The task - Below are the records; give again exactly the line with "#89=EDGE_LOOP('',(#88));", the line with "#112=EDGE_LOOP('',(#111));", and each line that lies between them, and nothing besides.

Provided entries -
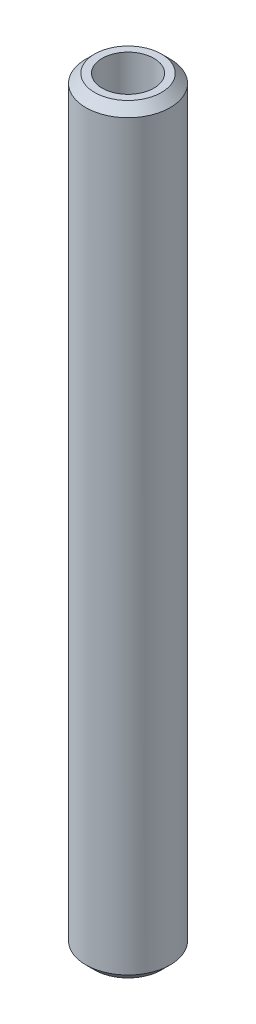
ISO-10303-21;
HEADER;
FILE_DESCRIPTION(('STEP AP214'),'2;1');
FILE_NAME('part.step','',(''),(''),'','','');
FILE_SCHEMA(('AUTOMOTIVE_DESIGN { 1 0 10303 214 1 1 1 1 }'));
ENDSEC;
DATA;
#1=APPLICATION_CONTEXT('core data for automotive mechanical design processes');
#2=APPLICATION_PROTOCOL_DEFINITION('international standard','automotive_design',2000,#1);
#3=PRODUCT_CONTEXT('',#1,'mechanical');
#4=PRODUCT('Part','Part','',(#3));
#5=PRODUCT_RELATED_PRODUCT_CATEGORY('part','',(#4));
#6=PRODUCT_DEFINITION_FORMATION('','',#4);
#7=PRODUCT_DEFINITION_CONTEXT('part definition',#1,'design');
#8=PRODUCT_DEFINITION('design','',#6,#7);
#9=PRODUCT_DEFINITION_SHAPE('','',#8);
#10=(LENGTH_UNIT() NAMED_UNIT(*) SI_UNIT(.MILLI.,.METRE.));
#11=(NAMED_UNIT(*) PLANE_ANGLE_UNIT() SI_UNIT($,.RADIAN.));
#12=(NAMED_UNIT(*) SI_UNIT($,.STERADIAN.) SOLID_ANGLE_UNIT());
#13=UNCERTAINTY_MEASURE_WITH_UNIT(LENGTH_MEASURE(1.E-05),#10,'distance_accuracy_value','');
#14=(GEOMETRIC_REPRESENTATION_CONTEXT(3) GLOBAL_UNCERTAINTY_ASSIGNED_CONTEXT((#13)) GLOBAL_UNIT_ASSIGNED_CONTEXT((#10,
#11,#12)) REPRESENTATION_CONTEXT('',''));
#15=CARTESIAN_POINT('',(0.,0.,0.));
#16=DIRECTION('',(0.,0.,1.));
#17=DIRECTION('',(1.,0.,0.));
#18=AXIS2_PLACEMENT_3D('',#15,#16,#17);
#19=CARTESIAN_POINT('',(0.,495.99092039349,0.));
#20=DIRECTION('',(0.,-1.,0.));
#21=DIRECTION('',(0.,0.,-1.));
#22=AXIS2_PLACEMENT_3D('',#19,#20,#21);
#23=CYLINDRICAL_SURFACE('',#22,27.5);
#24=CARTESIAN_POINT('',(0.,490.278727515379,0.));
#25=DIRECTION('',(0.,1.,0.));
#26=DIRECTION('',(0.,0.,1.));
#27=AXIS2_PLACEMENT_3D('',#24,#25,#26);
#28=CIRCLE('',#27,27.5);
#29=CARTESIAN_POINT('',(0.,490.278727515379,-27.5));
#30=VERTEX_POINT('',#29);
#31=EDGE_CURVE('E50',#30,#30,#28,.F.);
#32=ORIENTED_EDGE('',*,*,#31,.T.);
#33=EDGE_LOOP('',(#32));
#34=FACE_BOUND('',#33,.T.);
#35=CARTESIAN_POINT('',(0.,5.71219287811098,0.));
#36=DIRECTION('',(0.,1.,0.));
#37=DIRECTION('',(0.,0.,1.));
#38=AXIS2_PLACEMENT_3D('',#35,#36,#37);
#39=CIRCLE('',#38,27.5);
#40=CARTESIAN_POINT('',(0.,5.71219287811098,27.5));
#41=VERTEX_POINT('',#40);
#42=EDGE_CURVE('E51',#41,#41,#39,.T.);
#43=ORIENTED_EDGE('',*,*,#42,.T.);
#44=EDGE_LOOP('',(#43));
#45=FACE_BOUND('',#44,.T.);
#46=ADVANCED_FACE('F39',(#34,#45),#23,.T.);
#47=CARTESIAN_POINT('',(0.,495.99092039349,0.));
#48=DIRECTION('',(0.,1.,0.));
#49=DIRECTION('',(0.,0.,1.));
#50=AXIS2_PLACEMENT_3D('',#47,#48,#49);
#51=PLANE('',#50);
#52=CARTESIAN_POINT('',(0.,495.99092039349,0.));
#53=DIRECTION('',(0.,1.,0.));
#54=DIRECTION('',(0.,0.,1.));
#55=AXIS2_PLACEMENT_3D('',#52,#53,#54);
#56=CIRCLE('',#55,21.787807121889);
#57=CARTESIAN_POINT('',(0.,495.99092039349,-21.787807121889));
#58=VERTEX_POINT('',#57);
#59=EDGE_CURVE('E54',#58,#58,#56,.T.);
#60=ORIENTED_EDGE('',*,*,#59,.T.);
#61=EDGE_LOOP('',(#60));
#62=FACE_BOUND('',#61,.T.);
#63=CARTESIAN_POINT('',(0.,495.99092039349,0.));
#64=DIRECTION('',(0.,1.,0.));
#65=DIRECTION('',(0.,0.,1.));
#66=AXIS2_PLACEMENT_3D('',#63,#64,#65);
#67=CIRCLE('',#66,16.889396059873);
#68=CARTESIAN_POINT('',(0.,495.99092039349,16.889396059873));
#69=VERTEX_POINT('',#68);
#70=EDGE_CURVE('E58',#69,#69,#67,.T.);
#71=ORIENTED_EDGE('',*,*,#70,.F.);
#72=EDGE_LOOP('',(#71));
#73=FACE_BOUND('',#72,.T.);
#74=ADVANCED_FACE('F69',(#62,#73),#51,.T.);
#75=CARTESIAN_POINT('',(0.,0.,0.));
#76=DIRECTION('',(0.,1.,0.));
#77=DIRECTION('',(0.,0.,1.));
#78=AXIS2_PLACEMENT_3D('',#75,#76,#77);
#79=PLANE('',#78);
#80=CARTESIAN_POINT('',(0.,0.,0.));
#81=DIRECTION('',(0.,1.,0.));
#82=DIRECTION('',(0.,0.,1.));
#83=AXIS2_PLACEMENT_3D('',#80,#81,#82);
#84=CIRCLE('',#83,21.787807121889);
#85=CARTESIAN_POINT('',(0.,0.,21.787807121889));
#86=VERTEX_POINT('',#85);
#87=EDGE_CURVE('E10',#86,#86,#84,.F.);
#88=ORIENTED_EDGE('',*,*,#87,.T.);
#89=EDGE_LOOP('',(#88));
#90=FACE_BOUND('',#89,.T.);
#91=CARTESIAN_POINT('',(0.,0.,0.));
#92=DIRECTION('',(0.,1.,0.));
#93=DIRECTION('',(0.,0.,1.));
#94=AXIS2_PLACEMENT_3D('',#91,#92,#93);
#95=CIRCLE('',#94,16.889396059873);
#96=CARTESIAN_POINT('',(0.,0.,16.889396059873));
#97=VERTEX_POINT('',#96);
#98=EDGE_CURVE('E63',#97,#97,#95,.T.);
#99=ORIENTED_EDGE('',*,*,#98,.T.);
#100=EDGE_LOOP('',(#99));
#101=FACE_BOUND('',#100,.T.);
#102=ADVANCED_FACE('F75',(#90,#101),#79,.F.);
#103=CARTESIAN_POINT('',(0.,495.99092039349,0.));
#104=DIRECTION('',(0.,-1.,0.));
#105=DIRECTION('',(0.,0.,-1.));
#106=AXIS2_PLACEMENT_3D('',#103,#104,#105);
#107=CYLINDRICAL_SURFACE('',#106,16.889396059873);
#108=ORIENTED_EDGE('',*,*,#70,.T.);
#109=EDGE_LOOP('',(#108));
#110=FACE_BOUND('',#109,.T.);
#111=ORIENTED_EDGE('',*,*,#98,.F.);
#112=EDGE_LOOP('',(#111));
#113=FACE_BOUND('',#112,.T.);
#114=ADVANCED_FACE('F70',(#110,#113),#107,.F.);
#115=CARTESIAN_POINT('',(0.,495.99092039349,0.));
#116=DIRECTION('',(0.,-1.,0.));
#117=DIRECTION('',(0.,0.,-1.));
#118=AXIS2_PLACEMENT_3D('',#115,#116,#117);
#119=CONICAL_SURFACE('',#118,21.787807121889,0.785398163397441);
#120=CARTESIAN_POINT('',(0.,490.278727515379,-27.5));
#121=CARTESIAN_POINT('',(0.,490.338229524526,-27.440497990853));
#122=CARTESIAN_POINT('',(0.,490.397731533673,-27.3809959817061));
#123=CARTESIAN_POINT('',(0.,490.516735551967,-27.2619919634121));
#124=CARTESIAN_POINT('',(0.,490.576237561114,-27.2024899542651));
#125=CARTESIAN_POINT('',(0.,490.695241579408,-27.0834859359711));
#126=CARTESIAN_POINT('',(0.,490.754743588555,-27.0239839268241));
#127=CARTESIAN_POINT('',(0.,490.873747606849,-26.9049799085301));
#128=CARTESIAN_POINT('',(0.,490.933249615996,-26.8454778993831));
#129=CARTESIAN_POINT('',(0.,491.05225363429,-26.7264738810892));
#130=CARTESIAN_POINT('',(0.,491.111755643437,-26.6669718719422));
#131=CARTESIAN_POINT('',(0.,491.230759661731,-26.5479678536482));
#132=CARTESIAN_POINT('',(0.,491.290261670878,-26.4884658445012));
#133=CARTESIAN_POINT('',(0.,491.409265689172,-26.3694618262072));
#134=CARTESIAN_POINT('',(0.,491.468767698319,-26.3099598170602));
#135=CARTESIAN_POINT('',(0.,491.587771716613,-26.1909557987663));
#136=CARTESIAN_POINT('',(0.,491.64727372576,-26.1314537896193));
#137=CARTESIAN_POINT('',(0.,491.766277744054,-26.0124497713253));
#138=CARTESIAN_POINT('',(0.,491.825779753201,-25.9529477621783));
#139=CARTESIAN_POINT('',(0.,491.944783771495,-25.8339437438843));
#140=CARTESIAN_POINT('',(0.,492.004285780642,-25.7744417347373));
#141=CARTESIAN_POINT('',(0.,492.123289798936,-25.6554377164433));
#142=CARTESIAN_POINT('',(0.,492.182791808083,-25.5959357072964));
#143=CARTESIAN_POINT('',(0.,492.301795826377,-25.4769316890024));
#144=CARTESIAN_POINT('',(0.,492.361297835524,-25.4174296798554));
#145=CARTESIAN_POINT('',(0.,492.480301853818,-25.2984256615614));
#146=CARTESIAN_POINT('',(0.,492.539803862965,-25.2389236524144));
#147=CARTESIAN_POINT('',(0.,492.658807881259,-25.1199196341204));
#148=CARTESIAN_POINT('',(0.,492.718309890406,-25.0604176249735));
#149=CARTESIAN_POINT('',(0.,492.8373139087,-24.9414136066795));
#150=CARTESIAN_POINT('',(0.,492.896815917846,-24.8819115975325));
#151=CARTESIAN_POINT('',(0.,493.015819936141,-24.7629075792385));
#152=CARTESIAN_POINT('',(0.,493.075321945287,-24.7034055700915));
#153=CARTESIAN_POINT('',(0.,493.194325963582,-24.5844015517975));
#154=CARTESIAN_POINT('',(0.,493.253827972728,-24.5248995426505));
#155=CARTESIAN_POINT('',(0.,493.372831991023,-24.4058955243566));
#156=CARTESIAN_POINT('',(0.,493.432334000169,-24.3463935152096));
#157=CARTESIAN_POINT('',(0.,493.551338018463,-24.2273894969156));
#158=CARTESIAN_POINT('',(0.,493.61084002761,-24.1678874877686));
#159=CARTESIAN_POINT('',(0.,493.729844045904,-24.0488834694746));
#160=CARTESIAN_POINT('',(0.,493.789346055051,-23.9893814603276));
#161=CARTESIAN_POINT('',(0.,493.908350073345,-23.8703774420337));
#162=CARTESIAN_POINT('',(0.,493.967852082492,-23.8108754328867));
#163=CARTESIAN_POINT('',(0.,494.086856100786,-23.6918714145927));
#164=CARTESIAN_POINT('',(0.,494.146358109933,-23.6323694054457));
#165=CARTESIAN_POINT('',(0.,494.265362128227,-23.5133653871517));
#166=CARTESIAN_POINT('',(0.,494.324864137374,-23.4538633780047));
#167=CARTESIAN_POINT('',(0.,494.443868155668,-23.3348593597108));
#168=CARTESIAN_POINT('',(0.,494.503370164815,-23.2753573505638));
#169=CARTESIAN_POINT('',(0.,494.622374183109,-23.1563533322698));
#170=CARTESIAN_POINT('',(0.,494.681876192256,-23.0968513231228));
#171=CARTESIAN_POINT('',(0.,494.80088021055,-22.9778473048288));
#172=CARTESIAN_POINT('',(0.,494.860382219697,-22.9183452956818));
#173=CARTESIAN_POINT('',(0.,494.979386237991,-22.7993412773878));
#174=CARTESIAN_POINT('',(0.,495.038888247138,-22.7398392682409));
#175=CARTESIAN_POINT('',(0.,495.157892265432,-22.6208352499469));
#176=CARTESIAN_POINT('',(0.,495.217394274579,-22.5613332407999));
#177=CARTESIAN_POINT('',(0.,495.336398292873,-22.4423292225059));
#178=CARTESIAN_POINT('',(0.,495.39590030202,-22.3828272133589));
#179=CARTESIAN_POINT('',(0.,495.514904320314,-22.2638231950649));
#180=CARTESIAN_POINT('',(0.,495.574406329461,-22.204321185918));
#181=CARTESIAN_POINT('',(0.,495.693410347755,-22.085317167624));
#182=CARTESIAN_POINT('',(0.,495.752912356902,-22.025815158477));
#183=CARTESIAN_POINT('',(0.,495.871916375196,-21.906811140183));
#184=CARTESIAN_POINT('',(0.,495.931418384343,-21.847309131036));
#185=CARTESIAN_POINT('',(0.,495.99092039349,-21.787807121889));
#186=B_SPLINE_CURVE_WITH_KNOTS('',3,(#120,#121,#122,#123,#124,#125,#126,#127,#128,#129,#130,
#131,#132,#133,#134,#135,#136,#137,#138,#139,#140,#141,#142,#143,#144,#145,#146,#147,#148,#149,
#150,#151,#152,#153,#154,#155,#156,#157,#158,#159,#160,#161,#162,#163,#164,#165,#166,#167,#168,
#169,#170,#171,#172,#173,#174,#175,#176,#177,#178,#179,#180,#181,#182,#183,#184,#185),
.UNSPECIFIED.,.F.,.F.,(4,2,2,2,2,2,2,2,2,2,2,2,2,2,2,2,2,2,2,2,2,2,2,2,2,2,2,2,2,2,2,2,4),(0.,
0.252445644972356,0.504891289944712,0.75733693491707,1.00978257988943,1.26222822486178,
1.51467386983418,1.76711951480654,2.01956515977889,2.27201080475125,2.52445644972361,
2.776902094696,3.02934773966836,3.28179338464072,3.53423902961307,3.78668467458543,
4.03913031955782,4.29157596453018,4.54402160950254,4.79646725447489,5.04891289944725,
5.30135854441961,5.553804189392,5.80624983436436,6.05869547933672,6.31114112430907,
6.56358676928143,6.81603241425383,7.06847805922619,7.32092370419854,7.5733693491709,
7.82581499414326,8.07826063911565),.UNSPECIFIED.);
#187=EDGE_CURVE('BSEAM81',#30,#58,#186,.T.);
#188=ORIENTED_EDGE('',*,*,#31,.F.);
#189=ORIENTED_EDGE('',*,*,#59,.F.);
#190=ORIENTED_EDGE('',*,*,#187,.T.);
#191=ORIENTED_EDGE('',*,*,#187,.F.);
#192=EDGE_LOOP('',(#188,#190,#189,#191));
#193=FACE_BOUND('',#192,.T.);
#194=ADVANCED_FACE('F81',(#193),#119,.T.);
#195=CARTESIAN_POINT('',(0.,5.71219287811098,0.));
#196=DIRECTION('',(0.,1.,0.));
#197=DIRECTION('',(0.,0.,1.));
#198=AXIS2_PLACEMENT_3D('',#195,#196,#197);
#199=CONICAL_SURFACE('',#198,27.5,0.785398163397451);
#200=ORIENTED_EDGE('',*,*,#87,.F.);
#201=EDGE_LOOP('',(#200));
#202=FACE_BOUND('',#201,.T.);
#203=ORIENTED_EDGE('',*,*,#42,.F.);
#204=EDGE_LOOP('',(#203));
#205=FACE_BOUND('',#204,.T.);
#206=ADVANCED_FACE('F45',(#202,#205),#199,.T.);
#207=CLOSED_SHELL('',(#46,#74,#102,#114,#194,#206));
#208=MANIFOLD_SOLID_BREP('B2',#207);
#209=ADVANCED_BREP_SHAPE_REPRESENTATION('',(#18,#208),#14);
#210=SHAPE_DEFINITION_REPRESENTATION(#9,#209);
ENDSEC;
END-ISO-10303-21;

Result of the task -
#89=EDGE_LOOP('',(#88));
#90=FACE_BOUND('',#89,.T.);
#91=CARTESIAN_POINT('',(0.,0.,0.));
#92=DIRECTION('',(0.,1.,0.));
#93=DIRECTION('',(0.,0.,1.));
#94=AXIS2_PLACEMENT_3D('',#91,#92,#93);
#95=CIRCLE('',#94,16.889396059873);
#96=CARTESIAN_POINT('',(0.,0.,16.889396059873));
#97=VERTEX_POINT('',#96);
#98=EDGE_CURVE('E63',#97,#97,#95,.T.);
#99=ORIENTED_EDGE('',*,*,#98,.T.);
#100=EDGE_LOOP('',(#99));
#101=FACE_BOUND('',#100,.T.);
#102=ADVANCED_FACE('F75',(#90,#101),#79,.F.);
#103=CARTESIAN_POINT('',(0.,495.99092039349,0.));
#104=DIRECTION('',(0.,-1.,0.));
#105=DIRECTION('',(0.,0.,-1.));
#106=AXIS2_PLACEMENT_3D('',#103,#104,#105);
#107=CYLINDRICAL_SURFACE('',#106,16.889396059873);
#108=ORIENTED_EDGE('',*,*,#70,.T.);
#109=EDGE_LOOP('',(#108));
#110=FACE_BOUND('',#109,.T.);
#111=ORIENTED_EDGE('',*,*,#98,.F.);
#112=EDGE_LOOP('',(#111));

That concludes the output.